> Source data
##############################

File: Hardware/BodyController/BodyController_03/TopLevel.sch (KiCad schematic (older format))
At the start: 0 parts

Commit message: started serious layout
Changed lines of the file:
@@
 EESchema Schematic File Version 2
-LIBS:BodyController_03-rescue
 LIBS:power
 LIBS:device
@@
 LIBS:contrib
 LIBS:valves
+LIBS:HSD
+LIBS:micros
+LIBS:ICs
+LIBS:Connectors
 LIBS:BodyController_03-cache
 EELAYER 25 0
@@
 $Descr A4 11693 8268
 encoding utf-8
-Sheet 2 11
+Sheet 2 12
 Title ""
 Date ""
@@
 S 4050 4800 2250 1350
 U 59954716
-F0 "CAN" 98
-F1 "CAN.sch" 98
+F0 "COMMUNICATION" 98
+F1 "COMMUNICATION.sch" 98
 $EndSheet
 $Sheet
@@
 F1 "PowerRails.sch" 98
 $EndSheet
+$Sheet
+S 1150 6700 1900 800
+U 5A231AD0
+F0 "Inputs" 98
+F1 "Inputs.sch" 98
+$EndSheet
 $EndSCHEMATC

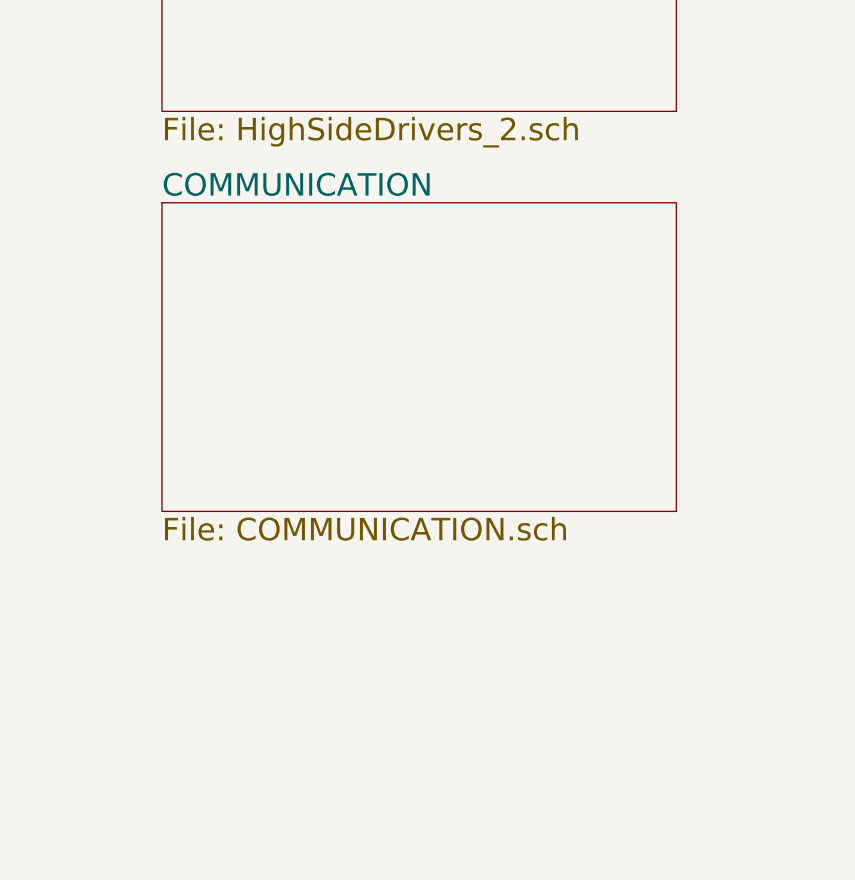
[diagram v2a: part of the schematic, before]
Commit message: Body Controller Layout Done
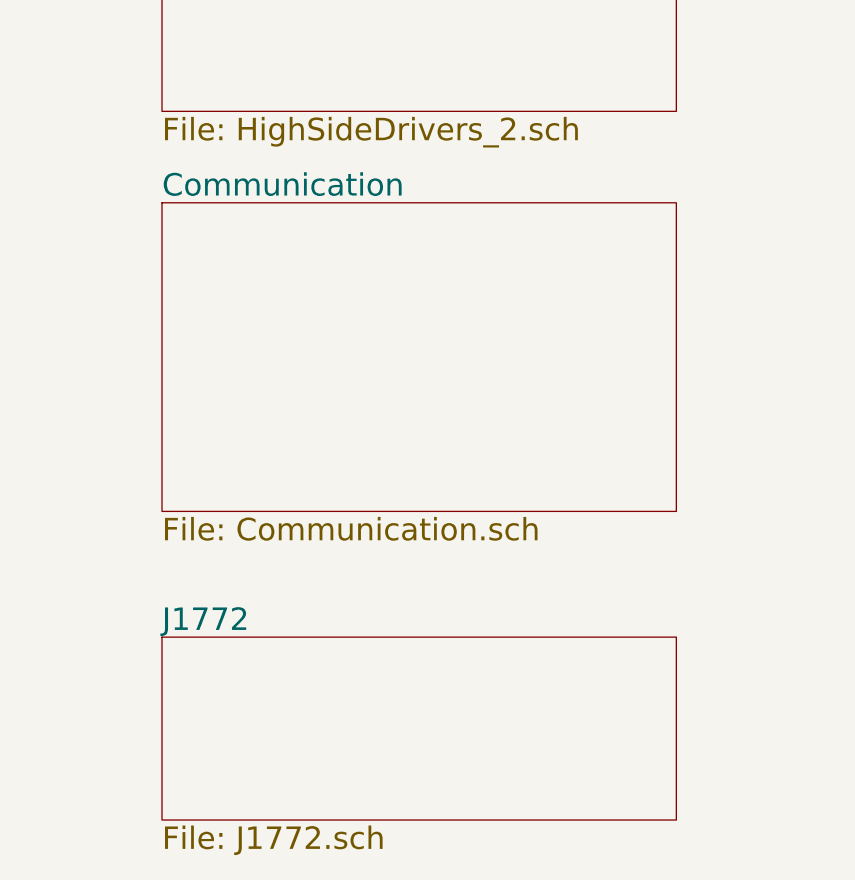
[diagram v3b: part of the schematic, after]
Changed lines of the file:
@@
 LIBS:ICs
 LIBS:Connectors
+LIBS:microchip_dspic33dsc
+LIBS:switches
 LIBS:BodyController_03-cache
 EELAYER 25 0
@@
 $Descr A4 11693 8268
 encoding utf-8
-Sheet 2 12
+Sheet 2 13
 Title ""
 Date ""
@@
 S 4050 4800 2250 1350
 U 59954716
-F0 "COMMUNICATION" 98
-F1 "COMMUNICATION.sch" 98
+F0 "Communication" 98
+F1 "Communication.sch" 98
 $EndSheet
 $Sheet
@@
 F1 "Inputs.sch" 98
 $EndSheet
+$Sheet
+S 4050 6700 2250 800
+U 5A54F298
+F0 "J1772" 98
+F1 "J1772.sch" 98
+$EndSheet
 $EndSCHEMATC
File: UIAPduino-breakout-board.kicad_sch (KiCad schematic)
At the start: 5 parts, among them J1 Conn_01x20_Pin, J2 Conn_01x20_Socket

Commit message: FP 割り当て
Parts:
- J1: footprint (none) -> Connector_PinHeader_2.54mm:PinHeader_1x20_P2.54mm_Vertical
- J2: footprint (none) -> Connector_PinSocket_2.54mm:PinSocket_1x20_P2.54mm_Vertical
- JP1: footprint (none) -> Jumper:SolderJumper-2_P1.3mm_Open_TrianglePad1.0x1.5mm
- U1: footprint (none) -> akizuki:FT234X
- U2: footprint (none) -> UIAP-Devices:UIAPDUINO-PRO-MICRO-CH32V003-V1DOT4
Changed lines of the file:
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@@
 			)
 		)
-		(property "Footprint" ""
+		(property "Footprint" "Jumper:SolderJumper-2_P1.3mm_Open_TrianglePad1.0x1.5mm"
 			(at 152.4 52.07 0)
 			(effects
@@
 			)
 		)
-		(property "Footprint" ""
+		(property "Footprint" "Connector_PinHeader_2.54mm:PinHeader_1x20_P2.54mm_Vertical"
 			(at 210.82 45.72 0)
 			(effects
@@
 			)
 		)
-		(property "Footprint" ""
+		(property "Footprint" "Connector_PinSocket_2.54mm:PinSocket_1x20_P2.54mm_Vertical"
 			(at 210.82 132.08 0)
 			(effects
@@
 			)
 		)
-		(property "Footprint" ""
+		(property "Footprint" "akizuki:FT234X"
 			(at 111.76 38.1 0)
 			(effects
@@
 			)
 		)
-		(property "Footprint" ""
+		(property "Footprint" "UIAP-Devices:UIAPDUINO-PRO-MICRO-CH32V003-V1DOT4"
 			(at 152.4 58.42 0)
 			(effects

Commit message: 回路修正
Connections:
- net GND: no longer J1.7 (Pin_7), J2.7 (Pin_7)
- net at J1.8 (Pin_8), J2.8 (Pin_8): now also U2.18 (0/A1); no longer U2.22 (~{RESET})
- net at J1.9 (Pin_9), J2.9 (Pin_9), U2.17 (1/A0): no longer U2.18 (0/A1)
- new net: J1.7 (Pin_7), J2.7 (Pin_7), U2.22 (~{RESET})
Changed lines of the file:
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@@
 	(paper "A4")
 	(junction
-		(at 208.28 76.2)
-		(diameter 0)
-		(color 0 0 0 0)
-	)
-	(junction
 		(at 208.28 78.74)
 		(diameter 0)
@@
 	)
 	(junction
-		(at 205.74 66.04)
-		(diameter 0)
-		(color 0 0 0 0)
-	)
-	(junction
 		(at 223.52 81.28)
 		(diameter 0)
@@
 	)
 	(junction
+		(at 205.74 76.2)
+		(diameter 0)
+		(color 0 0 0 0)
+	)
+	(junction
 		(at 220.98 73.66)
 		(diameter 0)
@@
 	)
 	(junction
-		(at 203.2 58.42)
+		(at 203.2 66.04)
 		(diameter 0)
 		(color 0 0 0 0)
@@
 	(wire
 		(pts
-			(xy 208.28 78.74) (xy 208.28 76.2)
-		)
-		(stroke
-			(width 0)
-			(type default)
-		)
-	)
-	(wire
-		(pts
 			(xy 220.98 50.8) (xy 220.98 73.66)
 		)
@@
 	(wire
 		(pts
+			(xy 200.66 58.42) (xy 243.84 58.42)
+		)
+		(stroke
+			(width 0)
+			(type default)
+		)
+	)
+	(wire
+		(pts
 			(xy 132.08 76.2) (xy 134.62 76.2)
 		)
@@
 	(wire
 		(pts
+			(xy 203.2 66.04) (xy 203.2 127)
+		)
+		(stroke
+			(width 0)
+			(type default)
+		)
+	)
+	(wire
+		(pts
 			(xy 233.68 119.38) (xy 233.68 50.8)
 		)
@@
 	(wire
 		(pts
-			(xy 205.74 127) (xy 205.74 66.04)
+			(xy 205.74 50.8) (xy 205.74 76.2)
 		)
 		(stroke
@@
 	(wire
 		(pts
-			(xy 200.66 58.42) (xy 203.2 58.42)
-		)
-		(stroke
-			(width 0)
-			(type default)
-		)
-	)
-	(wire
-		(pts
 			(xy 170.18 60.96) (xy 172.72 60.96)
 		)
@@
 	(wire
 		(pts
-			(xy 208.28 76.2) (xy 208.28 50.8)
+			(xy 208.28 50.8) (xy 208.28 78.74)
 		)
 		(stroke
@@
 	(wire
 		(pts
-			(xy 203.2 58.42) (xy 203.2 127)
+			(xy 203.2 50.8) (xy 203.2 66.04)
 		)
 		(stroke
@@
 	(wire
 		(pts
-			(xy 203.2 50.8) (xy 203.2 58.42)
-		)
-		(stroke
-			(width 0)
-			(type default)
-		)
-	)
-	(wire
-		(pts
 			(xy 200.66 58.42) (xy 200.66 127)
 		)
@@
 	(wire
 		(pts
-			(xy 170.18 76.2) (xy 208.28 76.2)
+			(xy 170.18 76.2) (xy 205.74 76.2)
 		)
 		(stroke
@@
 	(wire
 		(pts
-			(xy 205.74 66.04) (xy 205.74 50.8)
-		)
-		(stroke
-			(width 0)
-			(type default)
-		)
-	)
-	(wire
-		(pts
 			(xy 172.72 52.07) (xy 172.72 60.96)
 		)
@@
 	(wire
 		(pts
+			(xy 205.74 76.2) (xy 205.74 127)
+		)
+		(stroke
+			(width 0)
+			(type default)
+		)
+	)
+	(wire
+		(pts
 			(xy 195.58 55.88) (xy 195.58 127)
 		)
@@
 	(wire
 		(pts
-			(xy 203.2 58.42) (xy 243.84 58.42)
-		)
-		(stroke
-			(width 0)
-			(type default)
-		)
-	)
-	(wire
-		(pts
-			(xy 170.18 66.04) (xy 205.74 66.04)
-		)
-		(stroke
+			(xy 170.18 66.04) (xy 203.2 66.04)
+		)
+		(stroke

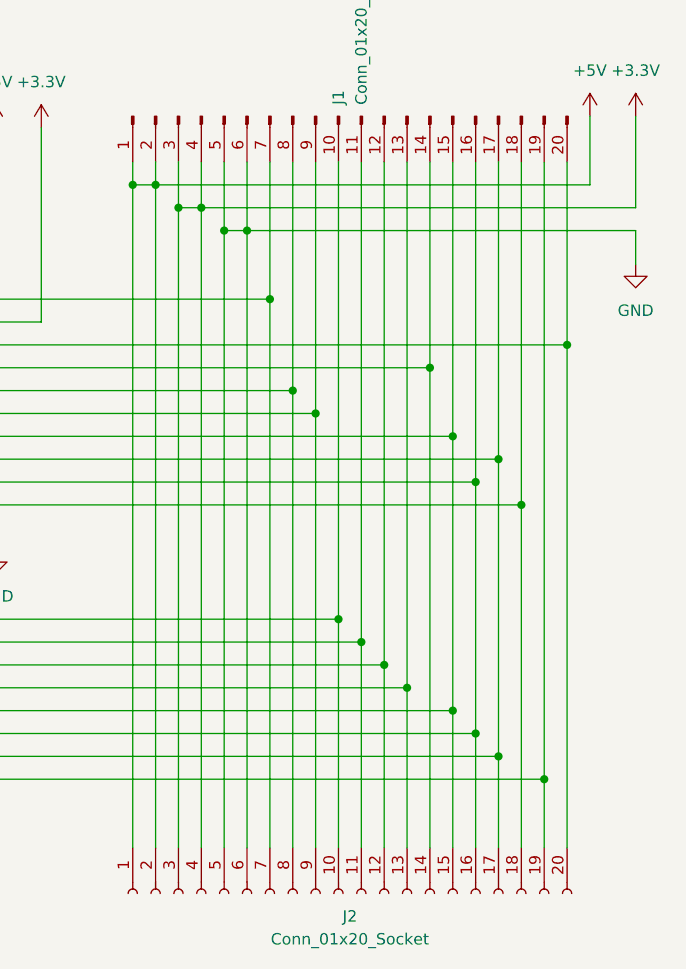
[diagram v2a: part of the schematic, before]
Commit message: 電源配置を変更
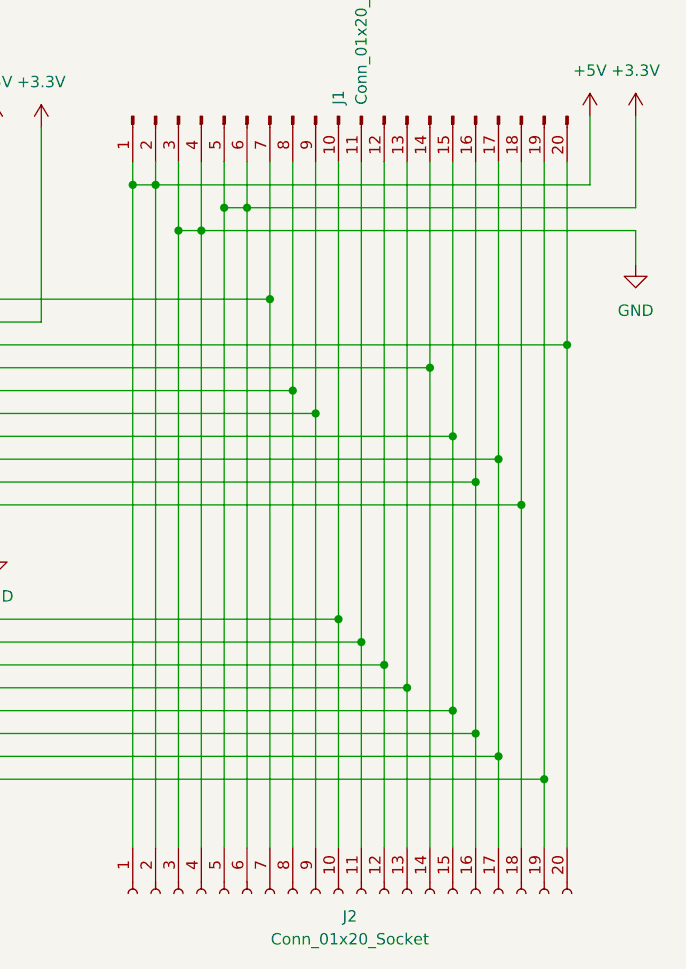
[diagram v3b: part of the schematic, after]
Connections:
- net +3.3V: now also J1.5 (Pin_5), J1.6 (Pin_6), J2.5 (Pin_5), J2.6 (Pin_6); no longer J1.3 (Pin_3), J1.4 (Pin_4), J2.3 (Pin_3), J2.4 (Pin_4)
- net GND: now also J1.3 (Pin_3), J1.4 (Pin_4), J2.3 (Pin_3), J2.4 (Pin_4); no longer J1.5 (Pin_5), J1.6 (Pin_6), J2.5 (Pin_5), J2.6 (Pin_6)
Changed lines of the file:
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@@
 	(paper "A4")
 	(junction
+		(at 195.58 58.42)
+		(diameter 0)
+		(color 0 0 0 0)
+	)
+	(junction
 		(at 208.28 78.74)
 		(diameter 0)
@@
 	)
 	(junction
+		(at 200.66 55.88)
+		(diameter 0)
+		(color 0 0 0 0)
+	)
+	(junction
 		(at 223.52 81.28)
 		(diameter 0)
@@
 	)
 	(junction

##############################

> About this exercise
Write out, word for word, the stretch of entries that begins at the line with "(xy 172.72 52.07) (xy 172.72 60.96)" and ends at the line with "Commit message: 電源配置を変更". Pictures do not belong in it.

> Task response
 			(xy 172.72 52.07) (xy 172.72 60.96)
 		)
@@
 	(wire
 		(pts
+			(xy 205.74 76.2) (xy 205.74 127)
+		)
+		(stroke
+			(width 0)
+			(type default)
+		)
+	)
+	(wire
+		(pts
 			(xy 195.58 55.88) (xy 195.58 127)
 		)
@@
 	(wire
 		(pts
-			(xy 203.2 58.42) (xy 243.84 58.42)
-		)
-		(stroke
-			(width 0)
-			(type default)
-		)
-	)
-	(wire
-		(pts
-			(xy 170.18 66.04) (xy 205.74 66.04)
-		)
-		(stroke
+			(xy 170.18 66.04) (xy 203.2 66.04)
+		)
+		(stroke

[diagram v2a: part of the schematic, before]
Commit message: 電源配置を変更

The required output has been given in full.